ASSIGNED TASK — Leave the pictures out while you restate every entry below word for word.

Data entries:
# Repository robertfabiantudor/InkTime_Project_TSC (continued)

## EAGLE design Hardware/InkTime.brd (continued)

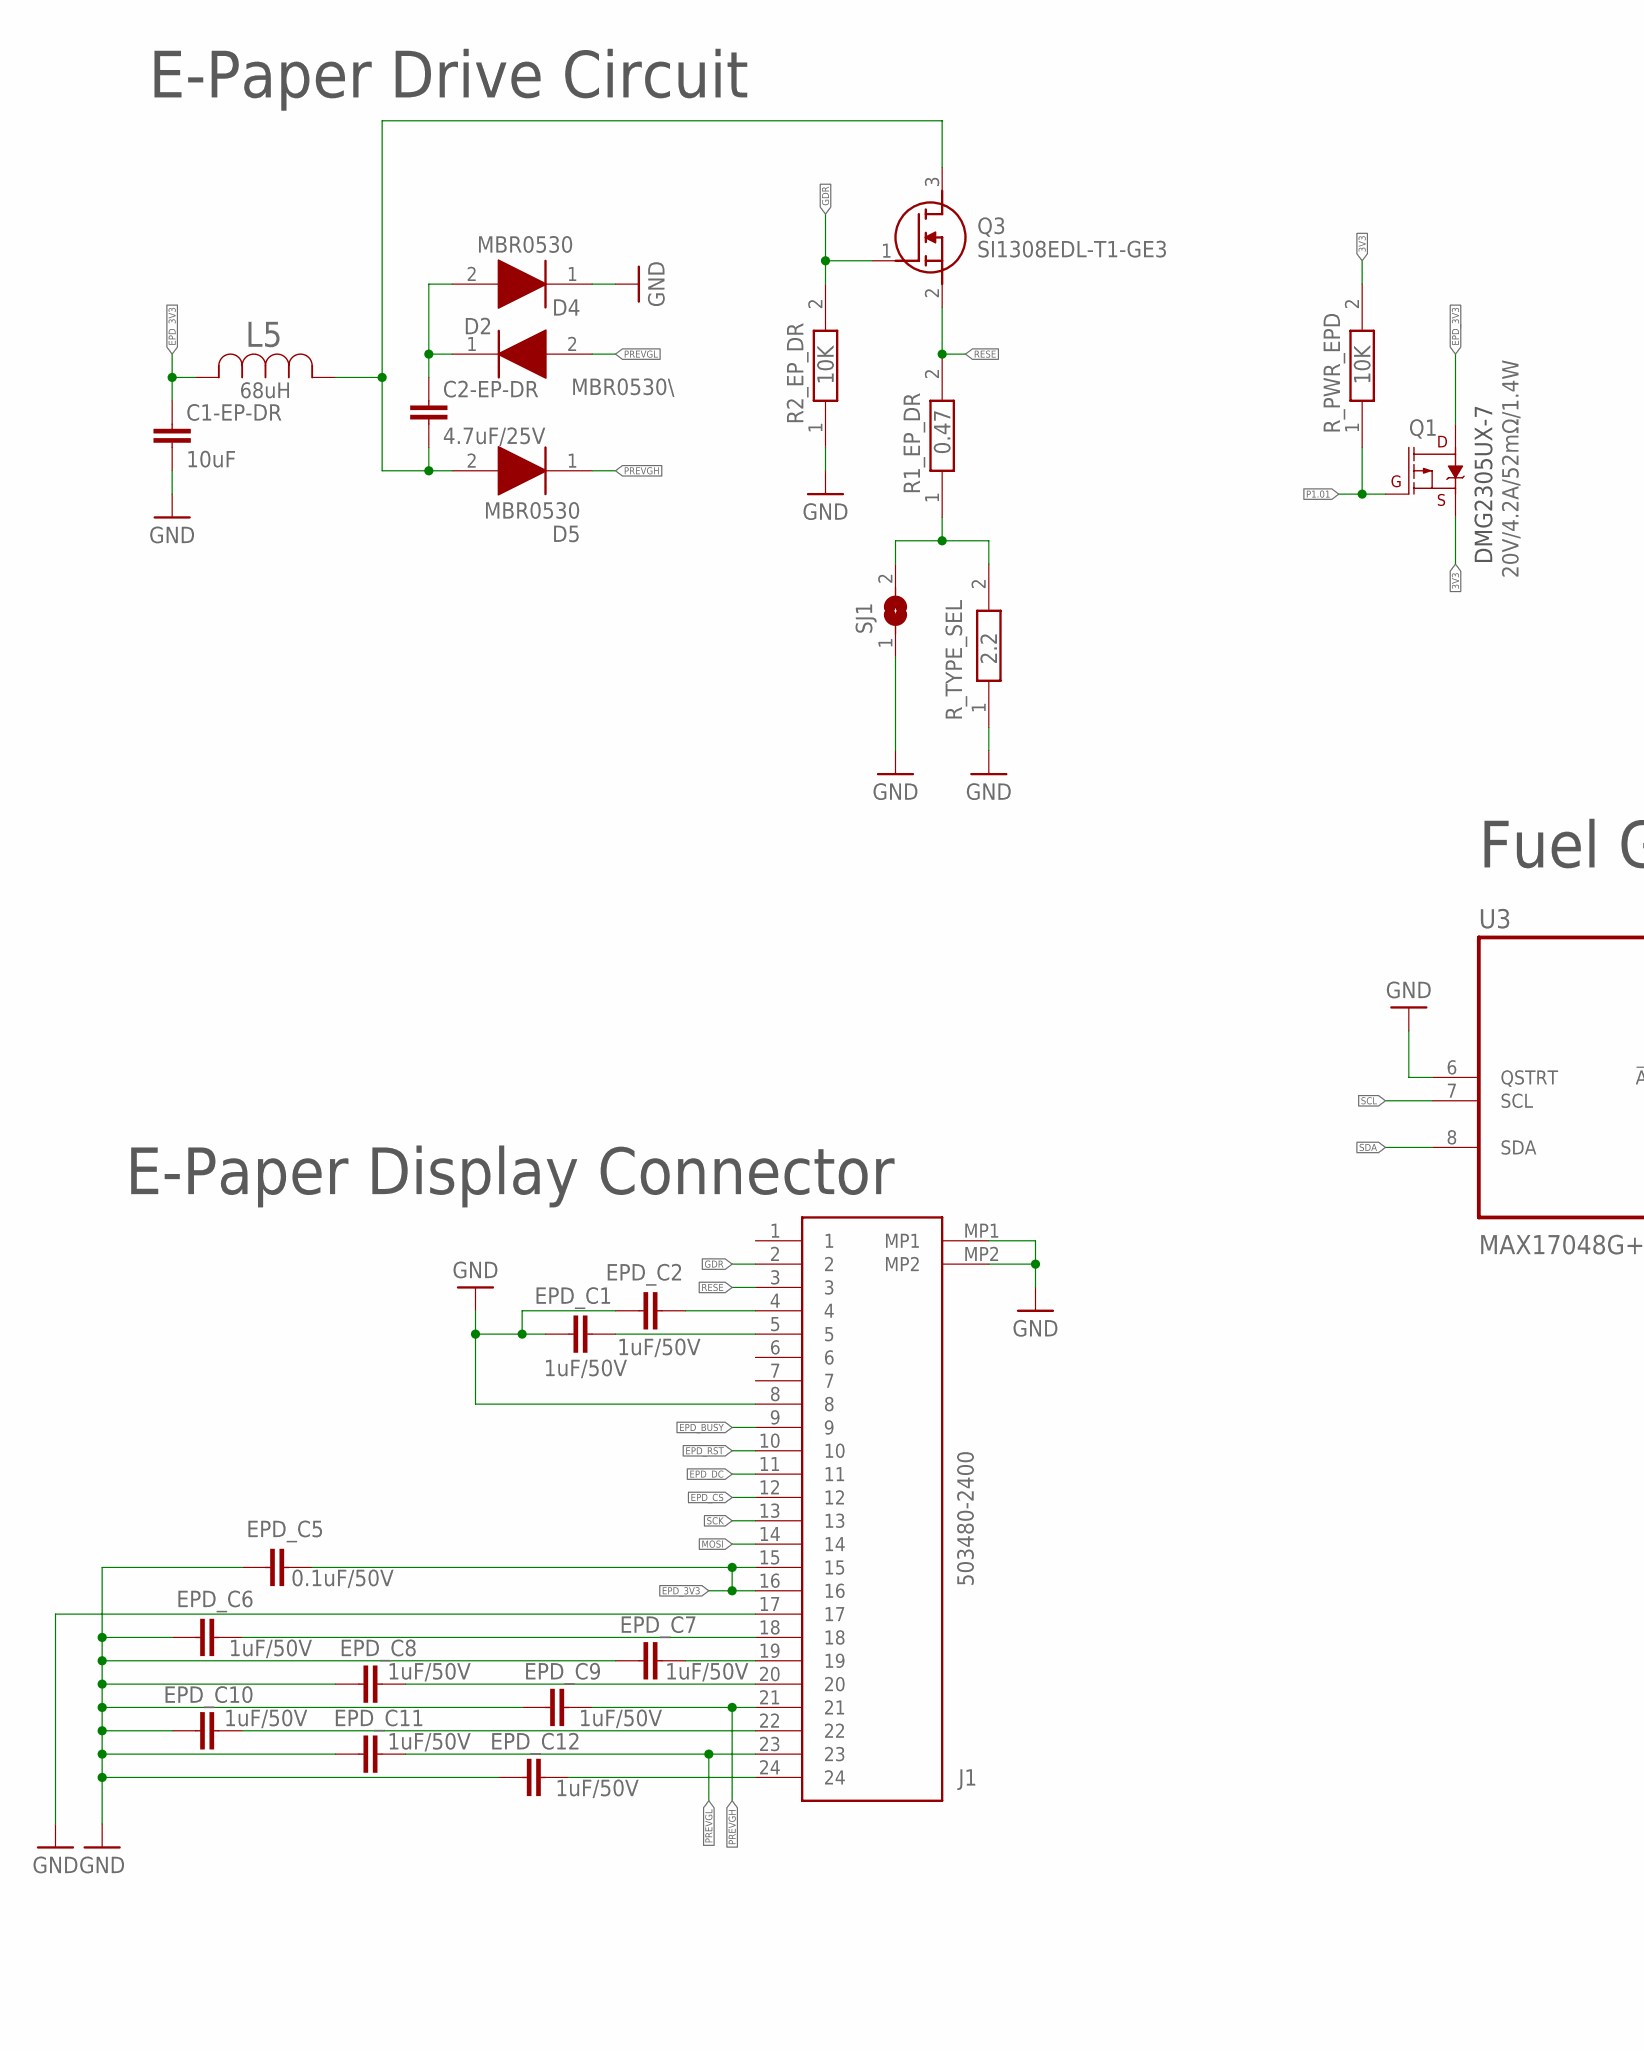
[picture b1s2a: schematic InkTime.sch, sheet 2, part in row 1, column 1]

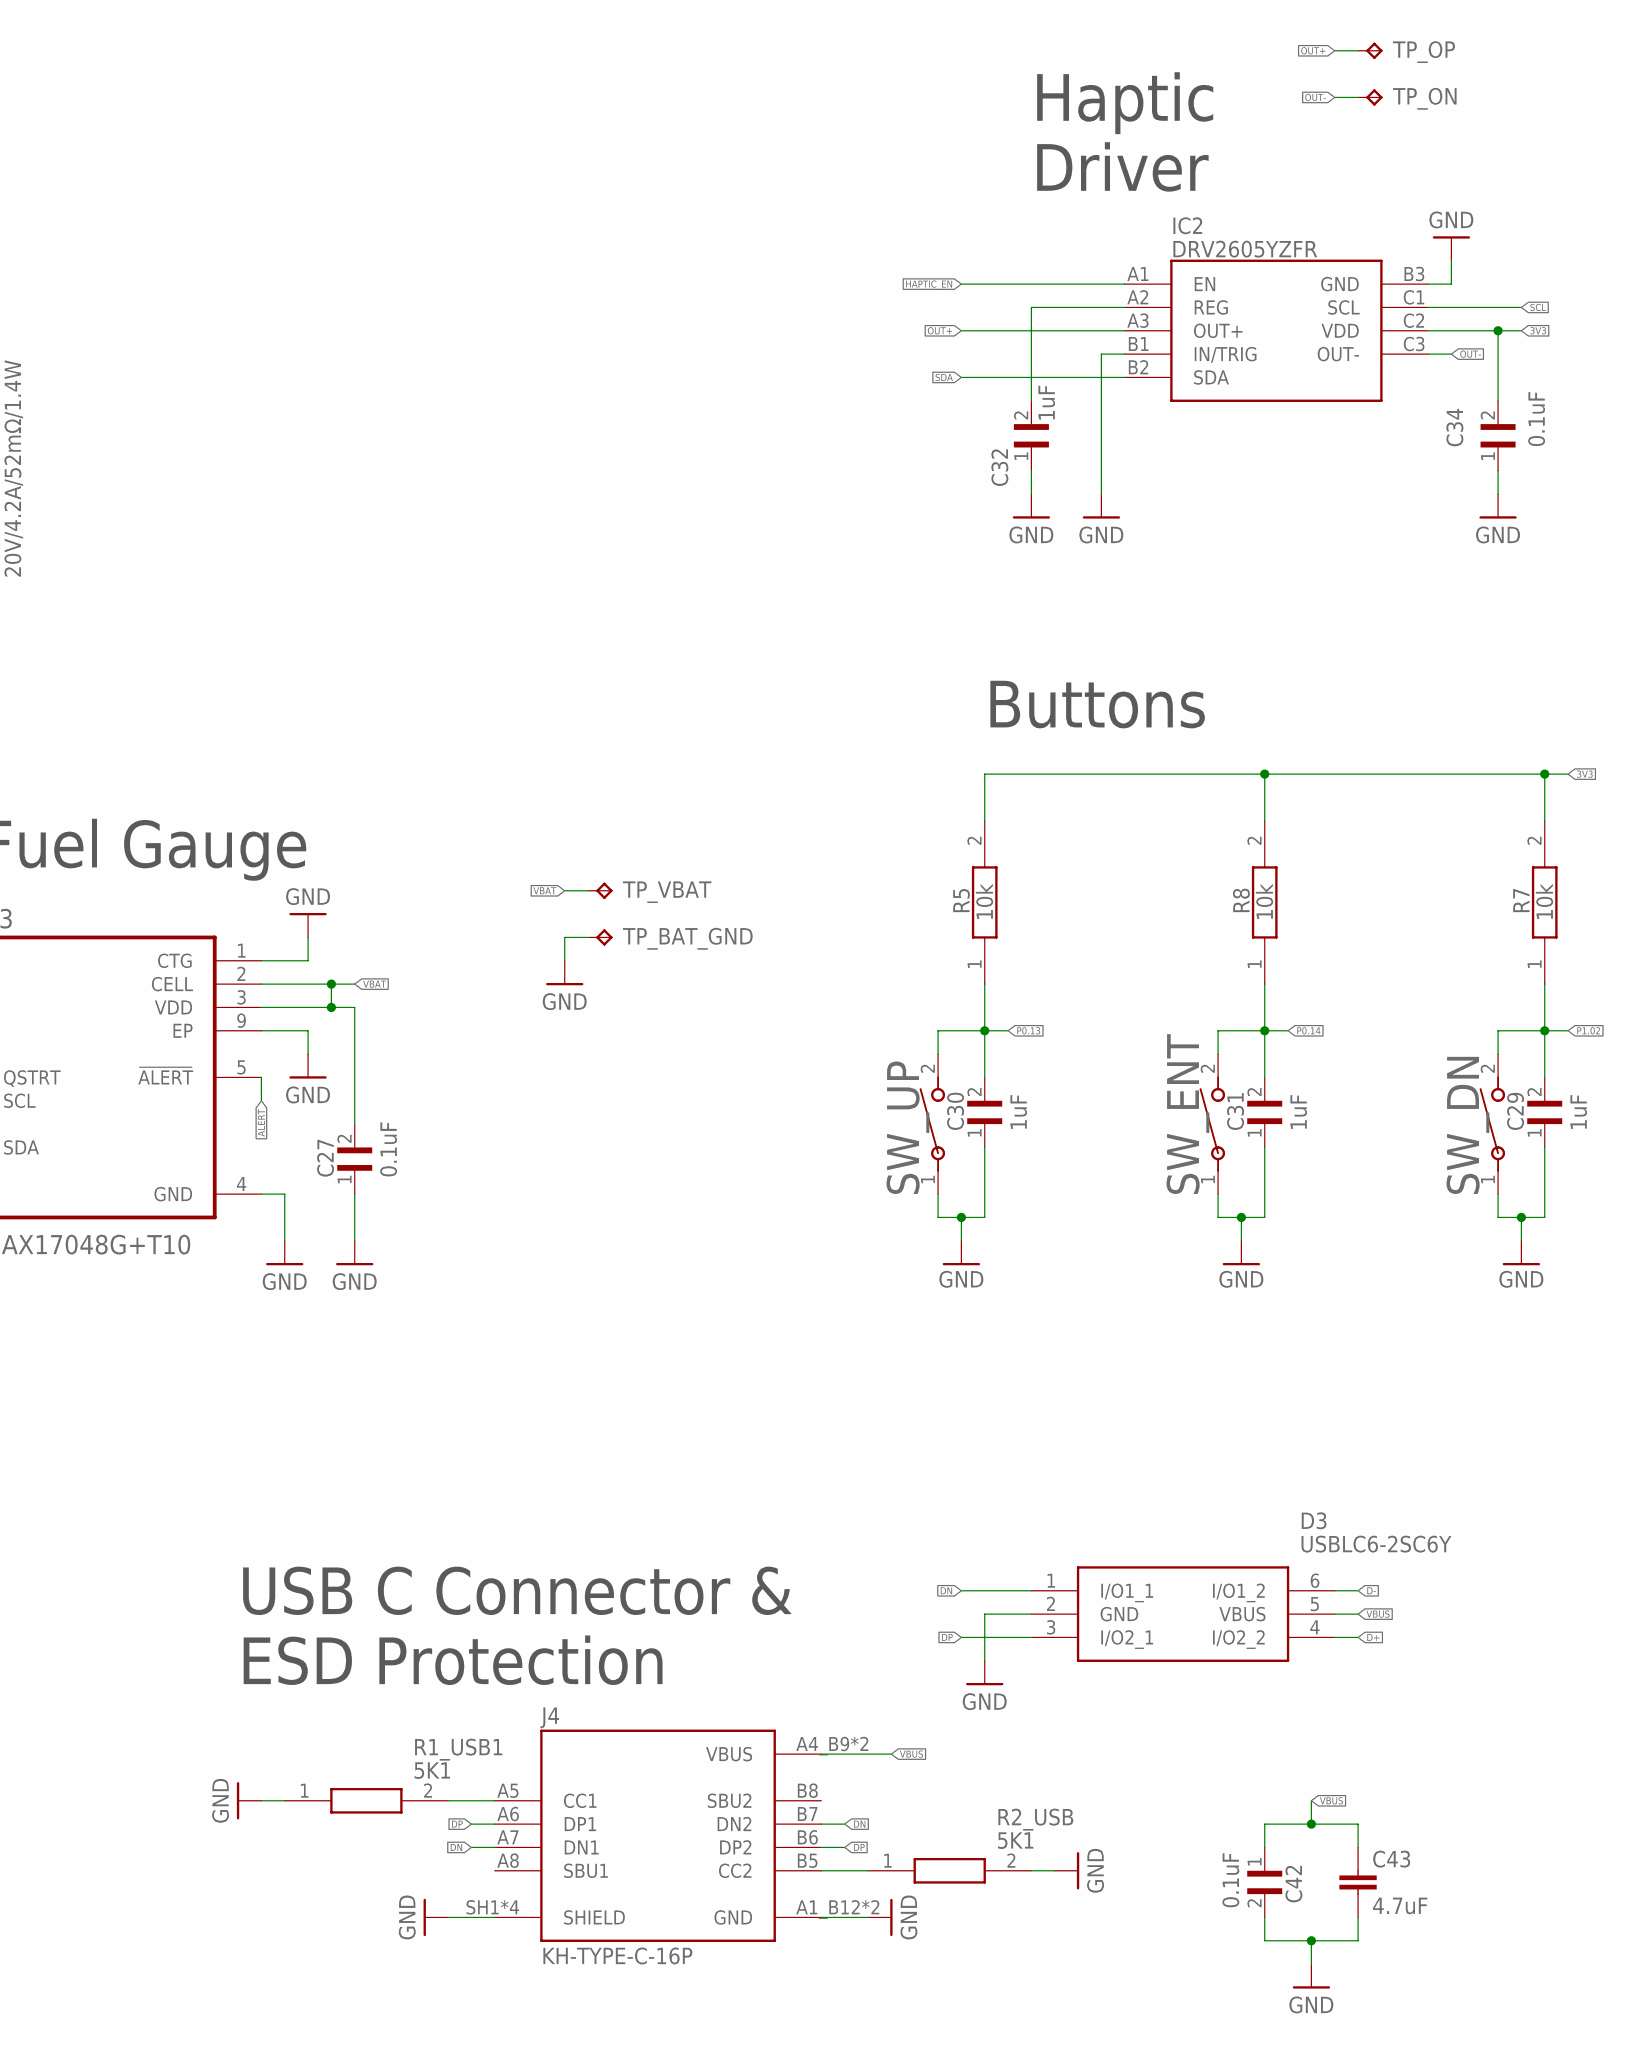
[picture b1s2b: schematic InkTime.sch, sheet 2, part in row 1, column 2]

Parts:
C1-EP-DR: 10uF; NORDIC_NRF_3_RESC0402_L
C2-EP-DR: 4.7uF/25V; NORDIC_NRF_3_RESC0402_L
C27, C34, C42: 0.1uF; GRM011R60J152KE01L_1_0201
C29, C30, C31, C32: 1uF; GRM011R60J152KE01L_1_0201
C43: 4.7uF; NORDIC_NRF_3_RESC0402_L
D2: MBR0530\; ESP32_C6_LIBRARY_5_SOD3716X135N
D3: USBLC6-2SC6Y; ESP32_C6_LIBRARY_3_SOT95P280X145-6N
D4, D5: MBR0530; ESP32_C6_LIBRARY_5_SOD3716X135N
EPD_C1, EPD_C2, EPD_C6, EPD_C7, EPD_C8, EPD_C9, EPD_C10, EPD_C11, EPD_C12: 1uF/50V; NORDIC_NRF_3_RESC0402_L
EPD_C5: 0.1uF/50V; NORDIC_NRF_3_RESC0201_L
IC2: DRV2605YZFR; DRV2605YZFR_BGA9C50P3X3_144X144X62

EXERCISE RESULT —
# Repository robertfabiantudor/InkTime_Project_TSC (continued)

## EAGLE design Hardware/InkTime.brd (continued)

[picture b1s2a: schematic InkTime.sch, sheet 2, part in row 1, column 1]

[picture b1s2b: schematic InkTime.sch, sheet 2, part in row 1, column 2]

Parts:
C1-EP-DR: 10uF; NORDIC_NRF_3_RESC0402_L
C2-EP-DR: 4.7uF/25V; NORDIC_NRF_3_RESC0402_L
C27, C34, C42: 0.1uF; GRM011R60J152KE01L_1_0201
C29, C30, C31, C32: 1uF; GRM011R60J152KE01L_1_0201
C43: 4.7uF; NORDIC_NRF_3_RESC0402_L
D2: MBR0530\; ESP32_C6_LIBRARY_5_SOD3716X135N
D3: USBLC6-2SC6Y; ESP32_C6_LIBRARY_3_SOT95P280X145-6N
D4, D5: MBR0530; ESP32_C6_LIBRARY_5_SOD3716X135N
EPD_C1, EPD_C2, EPD_C6, EPD_C7, EPD_C8, EPD_C9, EPD_C10, EPD_C11, EPD_C12: 1uF/50V; NORDIC_NRF_3_RESC0402_L
EPD_C5: 0.1uF/50V; NORDIC_NRF_3_RESC0201_L
IC2: DRV2605YZFR; DRV2605YZFR_BGA9C50P3X3_144X144X62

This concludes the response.